## WHAT YOU HAVE TO DO
Copy whichever lines of the data hold the word "Autodesk".

━━━━━━━━━━━━━━━━━━━━

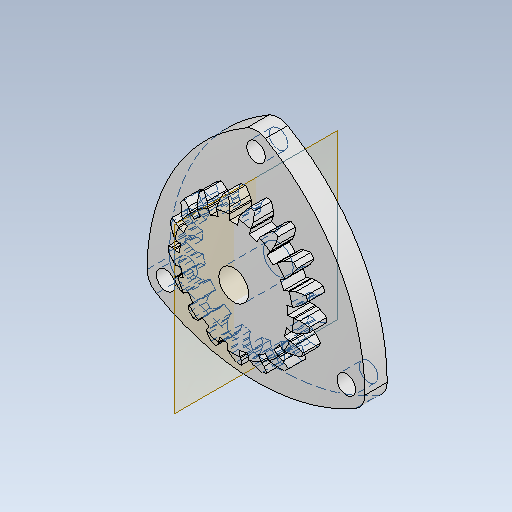
# Autodesk Inventor part: m1z17
Saved by Autodesk Inventor 2020 (Build 240168000, 168)
## iProperties
Created: 2020-10-28
Part Number: m1z17
Material: アルミニウム 2014-T4
Document SubType Name: Modeling
Designer: AA19065
Density: 2.8 g/cm^3
Appearance: サテン
Mass: 6.7317 g
Surface Area: 19.2727 cm^2
Volume: 2.40418 cm^3
Author: AA19065
Autodesk Inventor part; units mm, degrees
ref_plane "YZ Plane" through (0, 0, 0) normal (1, 0, 0) x (0, 1, 0)
ref_plane "XZ Plane" through (0, 0, 0) normal (0, 1, 0) x (-1, 0, 0)
ref_plane "XY Plane" through (0, 0, 0) normal (0, 0, 1) x (1, 0, 0)
sketch "スケッチ1" plane through (0, 0, 0) normal (0, 0, 1) x (1, 0, 0)
  arc A0 (149.1454, 113.0975) -> (149.1147, 112.9267) centre (149.977, 112.8598) ccw
  arc A1 (149.3297, 113.5561) -> (149.1454, 113.0975) centre (151.4433, 112.4406) ccw
  arc A2 (149.9133, 114.3943) -> (149.3297, 113.5561) centre (153.0232, 111.6068) ccw
  arc A3 (146.1768, 112.7838) -> (146.2098, 112.6135) centre (147.038, 112.8626) ccw
  arc A4 (146.1829, 113.2778) -> (146.1768, 112.7838) centre (148.5568, 113.0014) ccw
  arc A5 (146.4242, 114.2705) -> (146.1829, 113.2778) centre (150.3312, 112.7948) ccw
  arc A6 (143.5218, 111.419) -> (143.6141, 111.2721) centre (144.2964, 111.8035) ccw
  arc A7 (143.3491, 111.8818) -> (143.5218, 111.419) centre (145.6625, 112.4816) ccw
  arc A8 (143.2155, 112.8946) -> (143.3491, 111.8818) centre (147.3917, 112.93) ccw
  arc A9 (141.5392, 109.1872) -> (141.6783, 109.0836) centre (142.1226, 109.8256) ccw
  arc A10 (141.2109, 109.5563) -> (141.5392, 109.1872) centre (143.1514, 110.9514) ccw
  arc A11 (140.7205, 110.4525) -> (141.2109, 109.5563) centre (144.6019, 111.9941) ccw
  arc A12 (140.4967, 106.3899) -> (140.6638, 106.3435) centre (140.8101, 107.1959) ccw
  arc A13 (140.0572, 106.6155) -> (140.4967, 106.3899) centre (141.3627, 108.6174) ccw
  arc A14 (139.2762, 107.274) -> (140.0572, 106.6155) centre (142.3386, 110.1136) ccw
  arc A15 (140.535, 103.4049) -> (140.7076, 103.4221) centre (140.5361, 104.2697) ccw
  arc A16 (140.0437, 103.4565) -> (140.535, 103.4049) centre (140.538, 105.7948) ccw
  arc A17 (139.0776, 103.7885) -> (140.0437, 103.4565) centre (140.9074, 107.5426) ccw
  arc A18 (141.6491, 100.6353) -> (141.8039, 100.7137) centre (141.3377, 101.4421) ccw
  arc A19 (141.1723, 100.506) -> (141.6491, 100.6353) centre (140.7885, 102.8649) ccw
  arc A20 (140.1515, 100.4665) -> (141.1723, 100.506) centre (140.5016, 104.6281) ccw
  arc A21 (143.6884, 98.4552) -> (143.8044, 98.5842) centre (143.1066, 99.0951) ccw
  arc A22 (143.2906, 98.1624) -> (143.6884, 98.4552) centre (142.0805, 100.2234) ccw
  arc A23 (142.3529, 97.7568) -> (143.2906, 98.1624) centre (141.1761, 101.7639) ccw
  arc A24 (146.3776, 97.159) -> (146.4392, 97.3212) centre (145.6039, 97.5455) ccw
  arc A25 (146.1124, 96.7423) -> (146.3776, 97.159) centre (144.2395, 98.2269) ccw
  arc A26 (145.3846, 96.0254) -> (146.1124, 96.7423) centre (142.8397, 99.3367) ccw
  arc A27 (149.3534, 96.9218) -> (149.3522, 97.0953) centre (148.4924, 97.0027) ccw
  arc A28 (149.2566, 96.4374) -> (149.3534, 96.9218) centre (146.9739, 97.1453) ccw
  arc A29 (148.837, 95.506) -> (149.2566, 96.4374) centre (145.2677, 97.6744) ccw
  arc A30 (152.214, 97.7756) -> (152.1502, 97.9369) centre (151.3818, 97.54) ccw
  arc A31 (152.2987, 97.2889) -> (152.214, 97.7756) centre (149.9145, 97.1244) ccw
  arc A32 (152.2439, 96.2688) -> (152.2987, 97.2889) centre (148.1323, 97.0014) ccw
  arc A33 (154.5729, 99.6051) -> (154.4552, 99.7325) centre (153.8821, 99.0848) ccw
  arc A34 (154.8278, 99.1819) -> (154.5729, 99.6051) centre (152.6639, 98.1672) ccw
  arc A35 (155.1451, 98.2108) -> (154.8278, 99.1819) centre (151.0466, 97.4087) ccw
  arc A36 (156.1117, 102.1632) -> (155.9559, 102.2394) centre (155.6555, 101.4284) ccw
  arc A37 (156.5022, 101.8606) -> (156.1117, 102.1632) centre (154.8511, 100.1328) ccw
  arc A38 (157.1489, 101.0698) -> (156.5022, 101.8606) centre (153.6169, 98.8413) ccw
  arc A39 (156.6225, 105.1044) -> (156.4496, 105.1192) centre (156.4625, 104.2545) ccw
  arc A40 (157.0959, 104.9633) -> (156.6225, 105.1044) centre (156.1804, 102.7557) ccw
  arc A41 (157.9846, 104.4595) -> (157.0959, 104.9633) centre (155.4961, 101.1056) ccw
  arc A42 (156.0363, 108.0315) -> (155.8697, 107.9829) centre (156.1941, 107.1812) ccw
  arc A43 (156.5287, 108.071) -> (156.0363, 108.0315) centre (156.4725, 105.6818) ccw
  arc A44 (157.5394, 107.9223) -> (156.5287, 108.071) centre (156.4305, 103.8959) ccw
  arc A45 (154.4322, 110.5492) -> (154.2945, 110.4437) centre (154.8866, 109.8134) ccw
  arc A46 (154.8771, 110.7639) -> (154.4322, 110.5492) centre (155.6879, 108.5157) ccw
  arc A47 (155.8733, 110.9903) -> (154.8771, 110.7639) centre (156.2939, 106.8353) ccw
  arc A48 (152.027, 112.3175) -> (151.9367, 112.1693) centre (152.7165, 111.7954) ccw
  arc A49 (152.3643, 112.6784) -> (152.027, 112.3175) centre (153.9325, 110.8749) ccw
  arc A50 (153.2115, 113.2494) -> (152.3643, 112.6784) centre (155.1046, 109.5268) ccw
  arc A51 (147.8852, 112.9267) -> (147.8545, 113.0974) centre (147.023, 112.8598) ccw
  arc A52 (147.8545, 113.0974) -> (147.6704, 113.5559) centre (145.5566, 112.4406) ccw
  arc A53 (147.6704, 113.5559) -> (147.0867, 114.3943) centre (143.9767, 111.607) ccw
  arc A54 (145.0633, 112.1693) -> (144.973, 112.3175) centre (144.2835, 111.7954) ccw
  arc A55 (144.973, 112.3175) -> (144.6357, 112.6784) centre (143.0675, 110.8749) ccw
  arc A56 (144.6357, 112.6784) -> (143.7885, 113.2494) centre (141.8954, 109.5268) ccw
  arc A57 (142.7055, 110.4437) -> (142.5678, 110.5492) centre (142.1134, 109.8134) ccw
  arc A58 (142.5678, 110.5492) -> (142.1229, 110.7639) centre (141.3121, 108.5157) ccw
  arc A59 (142.1229, 110.7639) -> (141.1267, 110.9903) centre (140.7061, 106.8353) ccw
  arc A60 (141.1303, 107.9829) -> (140.9637, 108.0315) centre (140.8059, 107.1812) ccw
  arc A61 (140.9637, 108.0315) -> (140.4713, 108.071) centre (140.5275, 105.6818) ccw
  arc A62 (140.4713, 108.071) -> (139.4606, 107.9223) centre (140.5695, 103.8959) ccw
  arc A63 (140.5504, 105.1192) -> (140.3775, 105.1044) centre (140.5375, 104.2545) ccw
  arc A64 (140.3775, 105.1044) -> (139.9041, 104.9633) centre (140.8196, 102.7557) ccw
  arc A65 (139.9041, 104.9633) -> (139.0154, 104.4595) centre (141.5039, 101.1056) ccw
  arc A66 (141.0441, 102.2394) -> (140.8883, 102.1632) centre (141.3445, 101.4284) ccw
  arc A67 (140.8883, 102.1632) -> (140.4978, 101.8606) centre (142.1489, 100.1328) ccw
  arc A68 (140.4978, 101.8606) -> (139.8511, 101.0698) centre (143.3831, 98.8413) ccw
  arc A69 (142.5448, 99.7325) -> (142.4271, 99.6051) centre (143.1179, 99.0848) ccw
  arc A70 (142.4271, 99.6051) -> (142.1722, 99.1819) centre (144.3361, 98.1672) ccw
  arc A71 (142.1722, 99.1819) -> (141.8549, 98.2108) centre (145.9534, 97.4087) ccw
  arc A72 (144.8498, 97.9369) -> (144.786, 97.7756) centre (145.6182, 97.54) ccw
  arc A73 (144.786, 97.7756) -> (144.7013, 97.2889) centre (147.0855, 97.1244) ccw
  arc A74 (144.7013, 97.2889) -> (144.7561, 96.2688) centre (148.8677, 97.0014) ccw
  arc A75 (147.6478, 97.0953) -> (147.6466, 96.9218) centre (148.5076, 97.0027) ccw
  arc A76 (147.6466, 96.9218) -> (147.7434, 96.4374) centre (150.0261, 97.1453) ccw
  arc A77 (147.7434, 96.4374) -> (148.163, 95.506) centre (151.7323, 97.6744) ccw
  arc A78 (150.5608, 97.3212) -> (150.6224, 97.159) centre (151.3961, 97.5455) ccw
  arc A79 (150.6224, 97.159) -> (150.8876, 96.7423) centre (152.7605, 98.2269) ccw
  arc A80 (150.8876, 96.7423) -> (151.6154, 96.0254) centre (154.1603, 99.3367) ccw
  arc A81 (153.1956, 98.5842) -> (153.3116, 98.4552) centre (153.8934, 99.0951) ccw
  arc A82 (153.3116, 98.4552) -> (153.7094, 98.1624) centre (154.9195, 100.2234) ccw
  arc A83 (153.7094, 98.1624) -> (154.6471, 97.7568) centre (155.8239, 101.7639) ccw
  arc A84 (155.1961, 100.7137) -> (155.3509, 100.6353) centre (155.6623, 101.4421) ccw
  arc A85 (155.3509, 100.6353) -> (155.8277, 100.506) centre (156.2115, 102.8649) ccw
  arc A86 (155.8277, 100.506) -> (156.8485, 100.4665) centre (156.4984, 104.6281) ccw
  arc A87 (156.2924, 103.4221) -> (156.465, 103.4049) centre (156.4639, 104.2697) ccw
  arc A88 (156.465, 103.4049) -> (156.9563, 103.4565) centre (156.462, 105.7948) ccw
  arc A89 (156.9563, 103.4565) -> (157.9224, 103.7885) centre (156.0926, 107.5426) ccw
  arc A90 (156.3362, 106.3435) -> (156.5033, 106.3899) centre (156.1899, 107.1959) ccw
  arc A91 (156.5033, 106.3899) -> (156.9428, 106.6155) centre (155.6373, 108.6174) ccw
  arc A92 (156.9428, 106.6155) -> (157.7238, 107.274) centre (154.6614, 110.1136) ccw
  arc A93 (155.3217, 109.0836) -> (155.4608, 109.1872) centre (154.8774, 109.8256) ccw
  arc A94 (155.4608, 109.1872) -> (155.7891, 109.5563) centre (153.8486, 110.9514) ccw
  arc A95 (155.7891, 109.5563) -> (156.2795, 110.4525) centre (152.3981, 111.9941) ccw
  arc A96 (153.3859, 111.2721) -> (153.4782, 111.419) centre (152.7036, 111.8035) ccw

━━━━━━━━━━━━━━━━━━━━

## OUTPUT OF THE TASK
# Autodesk Inventor part: m1z17
Saved by Autodesk Inventor 2020 (Build 240168000, 168)
Autodesk Inventor part; units mm, degrees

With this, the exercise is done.